By the way - i weighed them at 1190g only! But you have to add the centerlock adapters (ca. 60g for the pair) which brings them to 1250g. By the way - Centerlock adapters add 46g when compared to 12 Ti-rotorbolts (ca. 14g).

Stay clear of lightweight Tune hubs-or Tune hubs in general. Too much issues!!

If i'm not mistaken DT offers a lighter ratchet for the freehub which is hollowed out:
http://www.dtswiss.com/Products/Acc...s/36-T-upgrade-kit-for-star-ratchet-hubs.aspx

The DT carbon rims might be 300g and therefore a couple of grams heavier than the Notubes rims BUT with as low as 24 spokes you save the weight in the spokes. That's 8 spokes+nipples less per wheel: my rough guess is that's about 36g per wheel less weight from the lower spoke count!(1 DT Aerolite spoke at 264mm weighs 4,3g+Al-nippel = ca. 4.5-5g)

----> Get some nice and light 6-bolt disc-hubs with 24-spokeholes and lace them to the DT carbon rims and you will have a lighter,stiffer wheel than the Notubes.

Anyway - i for myself won't shop for absolute lightest in wheels . I need some sturdy wheels that still can take a pounding and it seems at around 1250g i found the limit with durable hubs, some light Alex rims and 32 Revolution spokes. Light and strong without hurting my wallet as well.


----------



## culturesponge (Aug 15, 2007)

the hollow 36 star ratchet is really no lighter than the hollow 18 step star that the DT 190's ship with - but its a great upgrade & really improves engagement (just abit buzzy at first)

some rotation weight tweeks for DT 1250's (or 1350's)

remove the stickers (on the hubs)
fully ceramic bearings
tubeless with the DT XR kit 
or 
8.5mm Veloplugs instead of rim strips + lightweight tube like Schwalbe SV14A XXlite
lighter FRM or Mavic UST valves (no dust cap!)
lighter alloy valve collars than the standard steel ones (or don't use one at all)
lighter CL adapters from Alligator, CNC or Formula
lighter CL lockrings like Chris King 12t alloy cassette lockring or Extrabolt EB3.3 (not advisable if you ride big hills!)
Innolite titanium or Scrub MMX alloy rotors

i've one year on a custom built XRC 330 wheelset & are currently building a 28h DT XRC 300 and a 32h Podium MMX wheelset

.............edit for typo..........


----------



## timbuktu (Nov 9, 2008)

are the "fully ceramic bearings" upgrade (I'm assuming that's what you mean) any different than the "ceramic cartridge bearings" that come stock? I'm not sure I would want to remove the ceramics out of mine for more ceramics.

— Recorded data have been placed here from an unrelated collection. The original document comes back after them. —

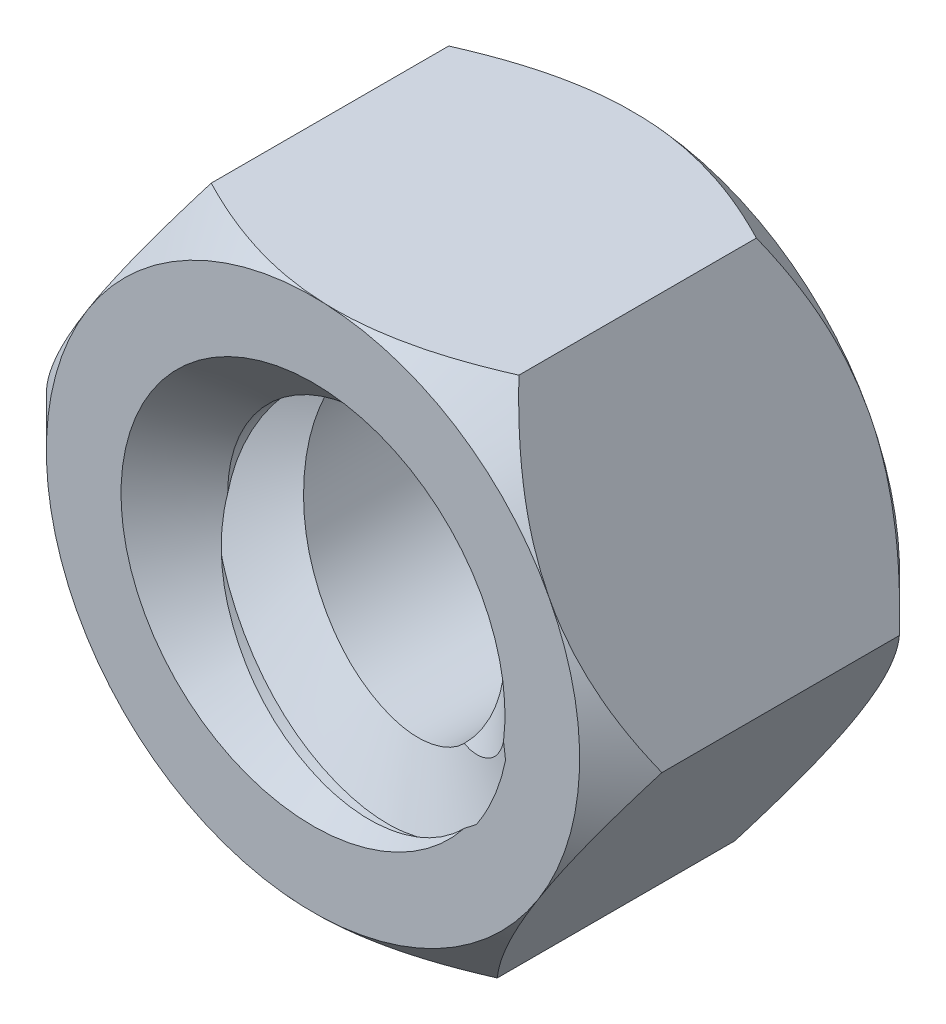
from build123d import *

# Parameters (mm, degrees)
BOSS_EXTRUDE1_DEPTH     = 1.5
SKETCH2_OUTSIDE_W       = 21.19
SKETCH2_OUTSIDE_H       = 20.534
SKETCH2_OUTSIDE_R       = 2.5
CUT_EXTRUDE1_DEPTH      = 5.884168025
CUT_EXTRUDE1_DRAFT      = -45
MIRROR1_COPY_1_SKETCH_W = 21.19
MIRROR1_COPY_1_SKETCH_H = 20.534
MIRROR1_COPY_1_SKETCH_R = 2.5
MIRROR1_COPY_1_DEPTH    = 5.884168025
MIRROR1_COPY_1_DRAFT    = -45
SKETCH3_R               = 1.3
CUT_EXTRUDE2_DEPTH      = 5.884168025
CHAMFER1_SIZE           = 0.5
THREAD1_PITCH           = 2
SCALE1_SCALE            = 0.8


with BuildPart() as part:
    # Sketch1 → Boss-Extrude1 (new, symmetric)
    with BuildSketch(Plane.XY):
        Polygon((1.340849076, -2.556454007), (2.884378651, -0.117017641), (1.543529576, 2.439436366), (-1.340849076, 2.556454007), (-2.884378651, 0.117017641), (-1.543529576, -2.439436366), align=None)
    extrude(amount=BOSS_EXTRUDE1_DEPTH, both=True)


with BuildPart() as cut_extrude1_tool:
    # Sketch2 outside → Cut-Extrude1 (with draft: the straight prism first)
    with BuildSketch(Plane.XY.offset(1.5)):
        Rectangle(SKETCH2_OUTSIDE_W, SKETCH2_OUTSIDE_H)
        Circle(SKETCH2_OUTSIDE_R, mode=Mode.SUBTRACT)
    extrude(amount=-CUT_EXTRUDE1_DEPTH)
    # Cut-Extrude1: the draft: its side faces are tilted about the plane it starts from
    cut_extrude1_sides = [cut_extrude1_tool.faces().sort_by_distance(p)[0] for p in [
        (0, -10.267, -1.442084012),
        (10.595, 0, -1.442084012),
        (0, 10.267, -1.442084012),
        (-10.595, 0, -1.442084012),
        (-2.5, 0, -1.442084012),
    ]]
    draft(cut_extrude1_sides, Plane.XY.offset(1.5), CUT_EXTRUDE1_DRAFT)


with BuildPart() as part_1:
    add(part.part)

    # Cut-Extrude1: cut by cut_extrude1_tool
    add(cut_extrude1_tool.part, mode=Mode.SUBTRACT)


with BuildPart() as mirror1_copy_1_tool:
    # Mirror1 copy 1 sketch → Mirror1 copy 1 (with draft: the straight prism first)
    with BuildSketch(Plane(origin=(0, 0, -1.5), x_dir=(1, 0, 0), z_dir=(0, 0, -1))):
        Rectangle(MIRROR1_COPY_1_SKETCH_W, MIRROR1_COPY_1_SKETCH_H)
        Circle(MIRROR1_COPY_1_SKETCH_R, mode=Mode.SUBTRACT)
    extrude(amount=-MIRROR1_COPY_1_DEPTH)
    # Mirror1 copy 1: the draft: its side faces are tilted about the plane it starts from
    mirror1_copy_1_sides = [mirror1_copy_1_tool.faces().sort_by_distance(p)[0] for p in [
        (0, -10.267, 1.442084012),
        (10.595, 0, 1.442084012),
        (0, 10.267, 1.442084012),
        (-10.595, 0, 1.442084012),
        (-2.5, 0, 1.442084012),
    ]]
    draft(mirror1_copy_1_sides, Plane(origin=(0, 0, -1.5), x_dir=(1, 0, 0), z_dir=(0, 0, -1)), MIRROR1_COPY_1_DRAFT)


with BuildPart() as part_2:
    add(part_1.part)

    # Mirror1 copy 1: cut by mirror1_copy_1_tool
    add(mirror1_copy_1_tool.part, mode=Mode.SUBTRACT)

    # Sketch3 → Cut-Extrude2 (cut, through all)
    with BuildSketch(Plane.XY.offset(1.5)):
        Circle(SKETCH3_R)
    extrude(amount=-CUT_EXTRUDE2_DEPTH, mode=Mode.SUBTRACT)

    # Chamfer1
    chamfer1_edges = [part_2.edges().sort_by_distance(p)[0] for p in [
        (-1.3, 0, -1.5),
        (-1.3, 0, 1.5),
    ]]
    chamfer(chamfer1_edges, length=CHAMFER1_SIZE)

    # Thread1: the profile of Thread Profile1 profile screwed along a right-hand helix of 2.25 turns, 10 arcs to a turn; built about Z, then put on its axis
    thread1_z = Axis((0, 0, 0), (0, 0, 1))
    thread1_corners = [(1.2997, 0, -0.000173205), (1.841265875, 0, 0.312499999), (1.841265875, 0, 0.437499999), (1.2997, 0, 0.750173202)]
    with BuildLine(mode=Mode.PRIVATE) as thread1_profile:
        Line(thread1_corners[0], thread1_corners[1])
        Line(thread1_corners[1], thread1_corners[2])
        Line(thread1_corners[2], thread1_corners[3])
        Line(thread1_corners[3], thread1_corners[0])
    thread1_cap = Face(thread1_profile.wire())
    thread1_turn_angles = [0, 18, 36, 54, 72, 90, 108, 126, 144, 162, 180, 198, 216, 234, 252, 270, 288, 306, 324, 342, 360]
    thread1_turn_weights = [1, 0.9510565162951535, 1, 0.9510565162951535, 1, 0.9510565162951535, 1, 0.9510565162951535, 1, 0.9510565162951535, 1, 0.9510565162951535, 1, 0.9510565162951535, 1, 0.9510565162951535, 1, 0.9510565162951535, 1, 0.9510565162951535, 1]
    thread1_turn_rails = [Edge.make_bspline([Vector(p[0], p[1], 0).rotate(thread1_z, thread1_turn_angles[k]) / thread1_turn_weights[k] + Vector(0, 0, p[2] + THREAD1_PITCH * thread1_turn_angles[k] / 360) for k in range(21)], [0, 0, 0, 1, 1, 2, 2, 3, 3, 4, 4, 5, 5, 6, 6, 7, 7, 8, 8, 9, 9, 10, 10, 10], 2, thread1_turn_weights) for p in thread1_corners]
    thread1_turn_sides = [Face.make_surface_from_curves(thread1_turn_rails[p[0]], thread1_turn_rails[p[1]]) for p in [(0, 1), (1, 2), (2, 3), (3, 0)]]
    thread1_last_angles = [720, 738, 756, 774, 792, 801, 810]
    thread1_last_weights = [1, 0.9510565162951535, 1, 0.9510565162951535, 1, 0.9876883405951379, 1]
    thread1_last_rails = [Edge.make_bspline([Vector(p[0], p[1], 0).rotate(thread1_z, thread1_last_angles[k]) / thread1_last_weights[k] + Vector(0, 0, p[2] + THREAD1_PITCH * thread1_last_angles[k] / 360) for k in range(7)], [0, 0, 0, 1, 1, 2, 2, 3, 3, 3], 2, thread1_last_weights) for p in thread1_corners]
    thread1_last_sides = [Face.make_surface_from_curves(thread1_last_rails[p[0]], thread1_last_rails[p[1]]) for p in [(0, 1), (1, 2), (2, 3), (3, 0)]]
    thread1 = Plane(origin=(0, 0, 3), x_dir=(-1, 0, 0), z_dir=(0, 0, -1)) * Solid(Shell([*[p.moved(Location((0, 0, THREAD1_PITCH * i))) for i in range(2) for p in thread1_turn_sides], *thread1_last_sides, thread1_cap, thread1_cap.rotate(thread1_z, 810).moved(Location((0, 0, THREAD1_PITCH * 810 / 360)))]))
    add(thread1, mode=Mode.SUBTRACT)


with BuildPart() as part_3:
    # Scale1: scaled about (0.005317589, 0.01279736, -1.2058e-05)
    add(part_2.part.scale(SCALE1_SCALE).moved(Location((0.001063518, 0.002559472, -2.412e-06))))


solid = part_3.part
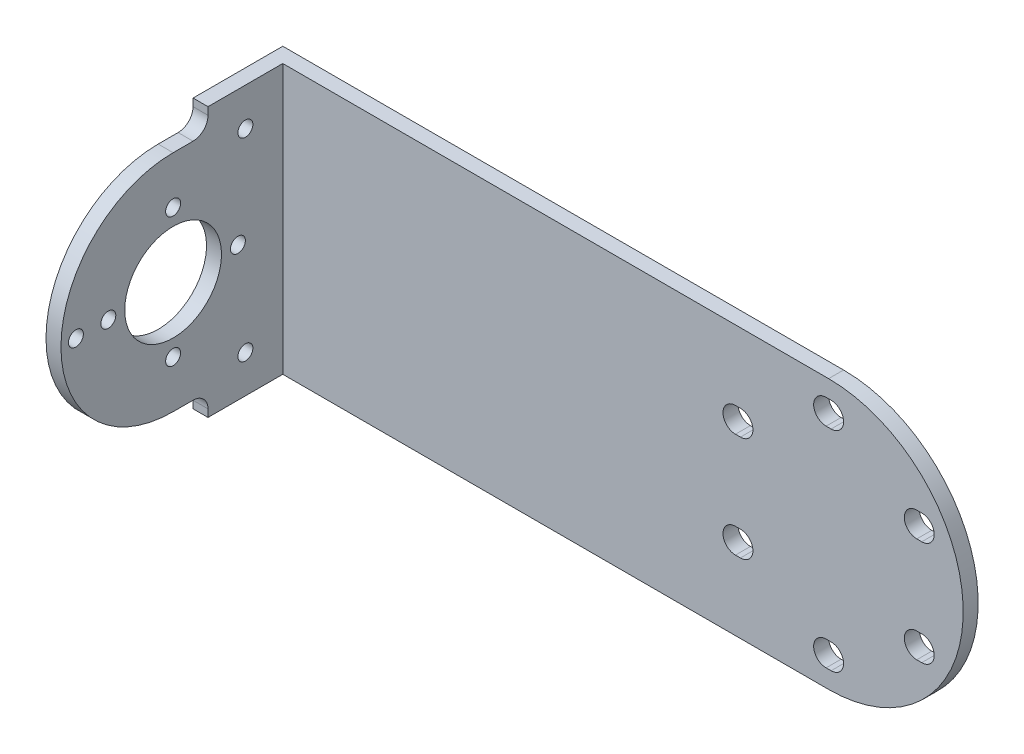
from build123d import *

# Parameters (mm, degrees)
BOSS_EXTRUDE1_DEPTH = 3
SKETCH2_R           = 1.5
SKETCH2_R_2         = 9.7
BOSS_EXTRUDE2_DEPTH = 3


with BuildPart() as part:
    # Sketch1 → Boss-Extrude1 (new body)
    with BuildSketch(Plane.XY):
        with BuildLine():
            Line((0, 27), (-112.5, 27))
            Line((-112.5, 27), (-112.5, -27))
            Line((-112.5, -27), (0, -27))
            ThreePointArc((0, -27), (27, 0), (0, 27))
        make_face()
        with BuildLine():
            ThreePointArc((-0.5, -23.5), (-3, -21), (-0.5, -18.5))
            Line((-0.5, -18.5), (0.5, -18.5))
            ThreePointArc((0.5, -18.5), (3, -21), (0.5, -23.5))
            Line((0.5, -23.5), (-0.5, -23.5))
        make_face(mode=Mode.SUBTRACT)
        with BuildLine():
            ThreePointArc((-18.686533479, -13), (-21.186533479, -10.5), (-18.686533479, -8))
            Line((-18.686533479, -8), (-17.686533479, -8))
            ThreePointArc((-17.686533479, -8), (-15.186533479, -10.5), (-17.686533479, -13))
            Line((-17.686533479, -13), (-18.686533479, -13))
        make_face(mode=Mode.SUBTRACT)
        with BuildLine():
            ThreePointArc((17.686533479, -13), (15.186533479, -10.5), (17.686533479, -8))
            Line((17.686533479, -8), (18.686533479, -8))
            ThreePointArc((18.686533479, -8), (21.186533479, -10.5), (18.686533479, -13))
            Line((18.686533479, -13), (17.686533479, -13))
        make_face(mode=Mode.SUBTRACT)
        with BuildLine():
            ThreePointArc((-17.686533479, 13), (-15.186533479, 10.5), (-17.686533479, 8))
            Line((-17.686533479, 8), (-18.686533479, 8))
            ThreePointArc((-18.686533479, 8), (-21.186533479, 10.5), (-18.686533479, 13))
            Line((-18.686533479, 13), (-17.686533479, 13))
        make_face(mode=Mode.SUBTRACT)
        with BuildLine():
            ThreePointArc((17.686533479, 8), (15.186533479, 10.5), (17.686533479, 13))
            Line((17.686533479, 13), (18.686533479, 13))
            ThreePointArc((18.686533479, 13), (21.186533479, 10.5), (18.686533479, 8))
            Line((18.686533479, 8), (17.686533479, 8))
        make_face(mode=Mode.SUBTRACT)
        with BuildLine():
            ThreePointArc((0.5, 23.5), (3, 21), (0.5, 18.5))
            Line((0.5, 18.5), (-0.5, 18.5))
            ThreePointArc((-0.5, 18.5), (-3, 21), (-0.5, 23.5))
            Line((-0.5, 23.5), (0.5, 23.5))
        make_face(mode=Mode.SUBTRACT)
    extrude(amount=BOSS_EXTRUDE1_DEPTH)

    # Sketch2 → Boss-Extrude2 (add)
    with BuildSketch(Plane.ZY.offset(112.5)):
        with BuildLine():
            Line((3, 27), (3, -27))
            Line((3, -27), (18, -27))
            Line((18, -27), (18, -25.5))
            ThreePointArc((18, -25.5), (18.878679656, -23.378679656), (21, -22.5))
            Line((21, -22.5), (25, -22.5))
            ThreePointArc((25, -22.5), (47.5, 0), (25, 22.5))
            Line((25, 22.5), (21, 22.5))
            ThreePointArc((21, 22.5), (18.878679656, 23.378679656), (18, 25.5))
            Line((18, 25.5), (18, 27))
            Line((18, 27), (3, 27))
        make_face()
        with Locations((10.5, -19.437399517)):
            Circle(SKETCH2_R, mode=Mode.SUBTRACT)
        with Locations((12, 0)):
            Circle(SKETCH2_R, mode=Mode.SUBTRACT)
        with Locations((25, -13)):
            Circle(SKETCH2_R, mode=Mode.SUBTRACT)
        with Locations((25, 0)):
            Circle(SKETCH2_R_2, mode=Mode.SUBTRACT)
        with Locations((25, 13)):
            Circle(SKETCH2_R, mode=Mode.SUBTRACT)
        with Locations((10.5, 19.437399517)):
            Circle(SKETCH2_R, mode=Mode.SUBTRACT)
        with Locations((38, 0)):
            Circle(SKETCH2_R, mode=Mode.SUBTRACT)
        with Locations((44.5, 0)):
            Circle(SKETCH2_R, mode=Mode.SUBTRACT)
    extrude(amount=-BOSS_EXTRUDE2_DEPTH)


solid = part.part

Again, being the weight weenie I am, these wheels are extremely light and hand built with durability and strength in mind with the optimum ingredients for winning races. Why anyone might want to remove a few grams with a product that is already bare to the bones is beyond me. If one is running on 420 gram tires when they could run 312 gram tires, "there" is where to cut out the ounces, not grams. 

I think sometimes weigh weenies border on obsessive compulsive behavior. Come to think of it, I'm probably no different. But I'm a compulsive racer who has yet to loose on the 1250's. Why reinvent the wheel?

Competition is for the competent!


----------



## Ole (Feb 22, 2004)

If you use Pillar butted titanium spokes, you should have no problems with durability (mine are 2 years old and are still going strong). With a combinastion of 1.4mm on the side with lower tension, and 1.7mm on the other sides, you'll actually get a wheel that behaves better over bumps than you have with equal thickness spokes. Stiffness is a little lower, but not so much that it should be a problem if you are fine with the steel spokes.

Ole.


----------



## culturesponge (Aug 15, 2007)

timbuktu said:


> Why reinvent the wheel?!


if your a racer you should know that best can be bettered!

i've no intention of swapping out any DT ceramic bearings til they get crunchy and worn out

Ti or Steel spokes needed for DT XRC 330/300 28h rims + DT 190 CL hubs are: 42x 258mm + 14x 260mm


----------



## ka0t1c07 (Aug 3, 2005)

thanks guys for your honest input. the factory wheels were built for a wide range of riders so for my range, I figure it can be made lighter with durability.


----------



## timbuktu (Nov 9, 2008)

Not when you're standing on "top" of the podium. "Best" is always superlative to the comparative "better." ;-)


----------



## culturesponge (Aug 15, 2007)

timbuktu said:


> Not when you're standing on "top" of the podium. "Best" is always superlative to the comparative "better." ;-)


My gran used to tell me (more often than was appreciated) "pride comes before a fall"

good luck with your 2010 race seaon matey!


----------



## timbuktu (Nov 9, 2008)

Pratyavayo Navidyatah "There is no obstacle"... Matey.


----------